The course has four homework assignments to reinforce the understanding of the concepts and methods. In the place of a final exam, the course has a semester long-project, where a problem is defined for the class, and then each group of students is required to come up with a study design, collect/quality control data, and perform tests, putting everything in the form of a term paper. The homeworks are individual assignments while the project is a group assignment; each project group typically consists of 2-3 students.

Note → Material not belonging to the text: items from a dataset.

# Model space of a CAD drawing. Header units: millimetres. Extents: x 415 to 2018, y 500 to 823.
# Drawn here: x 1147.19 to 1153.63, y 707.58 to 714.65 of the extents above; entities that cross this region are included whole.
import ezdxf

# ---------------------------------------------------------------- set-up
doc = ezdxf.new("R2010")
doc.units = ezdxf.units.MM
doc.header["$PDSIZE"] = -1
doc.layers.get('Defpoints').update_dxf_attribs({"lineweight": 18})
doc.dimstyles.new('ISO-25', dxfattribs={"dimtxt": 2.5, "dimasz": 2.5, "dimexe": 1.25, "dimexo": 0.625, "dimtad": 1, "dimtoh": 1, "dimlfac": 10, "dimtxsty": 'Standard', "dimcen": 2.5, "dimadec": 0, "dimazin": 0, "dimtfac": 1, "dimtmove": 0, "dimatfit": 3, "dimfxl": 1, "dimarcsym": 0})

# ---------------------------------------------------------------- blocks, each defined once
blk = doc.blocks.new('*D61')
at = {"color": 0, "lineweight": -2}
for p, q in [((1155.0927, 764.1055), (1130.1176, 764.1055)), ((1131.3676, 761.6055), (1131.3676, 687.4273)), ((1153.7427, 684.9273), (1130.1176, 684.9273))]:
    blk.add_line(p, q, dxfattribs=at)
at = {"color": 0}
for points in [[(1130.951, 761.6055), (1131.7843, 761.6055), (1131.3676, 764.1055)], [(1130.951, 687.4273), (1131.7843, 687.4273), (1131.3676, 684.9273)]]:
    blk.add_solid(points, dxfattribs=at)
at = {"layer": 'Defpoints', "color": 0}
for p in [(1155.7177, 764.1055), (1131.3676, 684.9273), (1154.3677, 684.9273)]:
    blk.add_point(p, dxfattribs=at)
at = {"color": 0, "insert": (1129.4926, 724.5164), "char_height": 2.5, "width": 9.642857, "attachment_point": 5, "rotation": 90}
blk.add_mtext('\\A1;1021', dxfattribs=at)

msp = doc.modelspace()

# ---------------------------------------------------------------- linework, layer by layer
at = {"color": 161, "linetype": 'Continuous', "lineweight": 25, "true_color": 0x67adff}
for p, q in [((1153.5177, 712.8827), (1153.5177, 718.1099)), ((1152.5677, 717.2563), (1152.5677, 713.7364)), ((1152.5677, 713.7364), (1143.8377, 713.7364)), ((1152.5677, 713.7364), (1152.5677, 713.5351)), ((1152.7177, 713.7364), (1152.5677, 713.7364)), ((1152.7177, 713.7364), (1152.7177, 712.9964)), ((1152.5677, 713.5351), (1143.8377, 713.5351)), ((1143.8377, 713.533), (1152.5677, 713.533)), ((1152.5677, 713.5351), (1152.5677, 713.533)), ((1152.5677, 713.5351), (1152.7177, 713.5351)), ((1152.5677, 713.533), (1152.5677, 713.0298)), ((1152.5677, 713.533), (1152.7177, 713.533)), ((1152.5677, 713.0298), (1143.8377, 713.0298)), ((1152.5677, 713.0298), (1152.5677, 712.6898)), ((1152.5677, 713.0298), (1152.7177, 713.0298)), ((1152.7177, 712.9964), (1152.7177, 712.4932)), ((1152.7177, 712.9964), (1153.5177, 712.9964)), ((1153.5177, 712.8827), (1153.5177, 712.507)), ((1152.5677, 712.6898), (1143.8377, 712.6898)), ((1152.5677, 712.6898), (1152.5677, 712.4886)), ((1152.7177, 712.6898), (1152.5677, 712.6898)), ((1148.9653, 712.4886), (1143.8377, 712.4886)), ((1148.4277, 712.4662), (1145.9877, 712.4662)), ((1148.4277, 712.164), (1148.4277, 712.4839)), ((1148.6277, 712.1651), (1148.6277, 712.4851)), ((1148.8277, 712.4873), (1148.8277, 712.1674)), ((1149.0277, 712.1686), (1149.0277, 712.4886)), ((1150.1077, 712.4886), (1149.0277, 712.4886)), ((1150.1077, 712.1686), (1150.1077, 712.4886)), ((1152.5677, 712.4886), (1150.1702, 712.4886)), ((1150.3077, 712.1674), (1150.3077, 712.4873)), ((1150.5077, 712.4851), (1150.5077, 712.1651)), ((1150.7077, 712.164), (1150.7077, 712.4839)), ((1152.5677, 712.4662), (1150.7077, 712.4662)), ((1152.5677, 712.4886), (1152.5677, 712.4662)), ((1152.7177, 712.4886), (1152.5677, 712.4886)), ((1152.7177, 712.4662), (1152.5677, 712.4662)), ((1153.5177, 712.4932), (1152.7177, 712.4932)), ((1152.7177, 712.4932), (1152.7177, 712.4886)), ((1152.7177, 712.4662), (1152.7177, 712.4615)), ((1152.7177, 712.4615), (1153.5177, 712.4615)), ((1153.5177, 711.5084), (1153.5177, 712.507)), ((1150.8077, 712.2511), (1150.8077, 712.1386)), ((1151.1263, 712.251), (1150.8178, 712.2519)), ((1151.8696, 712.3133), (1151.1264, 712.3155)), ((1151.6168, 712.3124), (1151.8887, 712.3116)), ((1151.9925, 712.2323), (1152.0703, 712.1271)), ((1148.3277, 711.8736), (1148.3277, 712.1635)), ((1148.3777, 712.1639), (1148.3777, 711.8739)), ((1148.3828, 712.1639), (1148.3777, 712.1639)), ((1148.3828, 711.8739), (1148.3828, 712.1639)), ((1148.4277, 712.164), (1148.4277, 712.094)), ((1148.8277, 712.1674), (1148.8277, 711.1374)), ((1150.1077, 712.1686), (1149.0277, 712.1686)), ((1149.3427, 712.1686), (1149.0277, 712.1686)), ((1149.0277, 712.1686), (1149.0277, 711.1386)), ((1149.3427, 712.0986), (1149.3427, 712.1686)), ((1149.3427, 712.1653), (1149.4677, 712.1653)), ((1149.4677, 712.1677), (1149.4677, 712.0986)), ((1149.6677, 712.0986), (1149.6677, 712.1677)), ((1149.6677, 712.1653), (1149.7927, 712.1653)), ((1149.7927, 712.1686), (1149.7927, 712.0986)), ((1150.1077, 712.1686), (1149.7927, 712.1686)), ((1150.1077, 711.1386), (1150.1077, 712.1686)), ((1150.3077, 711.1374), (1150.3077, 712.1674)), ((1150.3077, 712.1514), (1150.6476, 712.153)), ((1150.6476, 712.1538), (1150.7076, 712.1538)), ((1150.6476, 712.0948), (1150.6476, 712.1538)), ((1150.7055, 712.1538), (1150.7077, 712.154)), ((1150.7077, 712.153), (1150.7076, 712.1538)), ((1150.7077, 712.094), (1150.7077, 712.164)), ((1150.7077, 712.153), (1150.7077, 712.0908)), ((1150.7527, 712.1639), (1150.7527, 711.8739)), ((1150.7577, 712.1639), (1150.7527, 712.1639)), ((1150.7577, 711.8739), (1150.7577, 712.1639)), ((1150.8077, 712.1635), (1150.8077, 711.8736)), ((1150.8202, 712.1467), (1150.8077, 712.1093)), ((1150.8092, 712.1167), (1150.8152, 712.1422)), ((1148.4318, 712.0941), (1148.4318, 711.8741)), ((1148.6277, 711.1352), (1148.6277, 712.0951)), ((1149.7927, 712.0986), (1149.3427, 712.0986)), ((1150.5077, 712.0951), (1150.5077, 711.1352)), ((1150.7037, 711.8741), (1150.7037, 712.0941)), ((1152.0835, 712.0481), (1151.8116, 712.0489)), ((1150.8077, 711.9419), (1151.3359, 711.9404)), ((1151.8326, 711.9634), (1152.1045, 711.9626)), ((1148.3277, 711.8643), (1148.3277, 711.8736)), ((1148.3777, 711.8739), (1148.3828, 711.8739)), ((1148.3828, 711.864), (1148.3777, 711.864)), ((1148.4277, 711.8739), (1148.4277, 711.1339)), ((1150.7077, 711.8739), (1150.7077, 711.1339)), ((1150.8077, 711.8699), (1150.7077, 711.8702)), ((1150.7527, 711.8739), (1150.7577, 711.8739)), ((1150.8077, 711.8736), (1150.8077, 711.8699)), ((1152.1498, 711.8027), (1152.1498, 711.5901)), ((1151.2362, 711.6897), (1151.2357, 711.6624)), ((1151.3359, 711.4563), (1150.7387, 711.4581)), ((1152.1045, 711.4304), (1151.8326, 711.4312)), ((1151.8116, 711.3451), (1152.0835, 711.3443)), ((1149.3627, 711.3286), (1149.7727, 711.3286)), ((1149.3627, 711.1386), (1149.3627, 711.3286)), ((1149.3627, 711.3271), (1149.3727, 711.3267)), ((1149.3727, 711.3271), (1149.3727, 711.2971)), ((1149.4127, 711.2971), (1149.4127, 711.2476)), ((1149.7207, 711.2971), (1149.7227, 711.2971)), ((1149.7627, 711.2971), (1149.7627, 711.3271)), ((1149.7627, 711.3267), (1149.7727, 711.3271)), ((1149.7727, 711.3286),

The students need to know R and R Studio in order to process and plot the data. R is becoming one of the most useful tools for computer scientists in the data analytics business. The instructors provide the students with online educational material and organize an R tutorial class. Importantly, the last hour of each three-hour class session is devoted to R programming, where the students code the theoretical principles covered earlier in the session.
Gradebook
10% Participation
4 x 12.5 % Homework
40% Project
COURSE OUTLINE
Course Outline
Lesson 1: Data, Statistics, and Data Science 1/17/2020
Situating Statistics and Machine Learning in Data Science; observations and variables; types of measurements for variables; distributions; numerical descriptive statistics; exploratory data analysis; bivariate data; data collection
Lesson 2: Probabilities and Sampling Distributions 1/24/2020
Probability; discrete probability distributions; continuous probability distributions; sampling distributions
Homework #1 Out
Lesson 3: Principles of Inference 1/31/2020
Hypothesis testing; estimation; sample size; assumptions
Assignment of Projects
Lesson 4: Inferences on a Single Population 2/7/2020
Inferences on the population mean; inferences on a proportion; inferences on the variance of one population; assumptions
Homework #1 Due on 2/7/2020
Homework #2 Out on 2/7/2020
Lesson 5: Inferences for Two Populations 2/14/2020
Inferences on the difference between means using independent samples; inferences on variances; inferences on means for dependent samples; inferences on proportions; assumptions
Lesson 6: Inferences for Two or More Means 2/21/2020
Analysis of variance; linear model; assumptions; specific comparisons; random models; unequal sample sizes; analysis of means
Homework #2 Due on 2/21/2020
Homework #3 Out on 2/21/2020
Lesson 7: Linear Regression 3/6/2020
The regression model; estimation of parameters; inferences for regression; correlation; regression diagnostics
Lesson 8: Multiple Regression 3/27/2020
The multiple regression model; estimation of coefficients; inferential procedures; correlations; special models; multicollinearity; variable selection; detection of outliers
Lesson 9: Linear Models 4/3/2020
The dummy variable model; unbalanced data; models with dummy and interval variables; weighted least squares; correlated errors
Homework #3 Due on 4/3/2020
Homework #4 Out on 4/3/2020
Lesson 10: Categorical Data 4/10/2020
Hypothesis test for a multinomial population; goodness of fit; contingency tables; loglinear model
Lesson 11: Nonparametric Methods 4/17/2020
One sample; two independent samples; more than two samples; rank correlation; the bootstrap
Lesson 12: Experimental Designs 4/24/2020
Randomized designs; paired comparison designs; randomized complete block designs; Latin square designs; Greco-Latin square designs; balanced incomplete block designs; two-factor factorial designs; general factorial designs
Homework #4 Due on 4/27/2020
Project Reports Due on 4/29/2020
References
[1] Horton, N.J. and Kleinman, K. Using R and RStudio for Data Management, Statistical Analysis, and Graphics. CRC Press, 2015
[2] Freund, R. J., W. J. Wilson, and D. L. Mohr. Statistical Methods. 2010.
[3] Montgomery, Douglas, C. Design and Analysis of Experiments. Ninth Edition. John Wiley & Sons, 2017.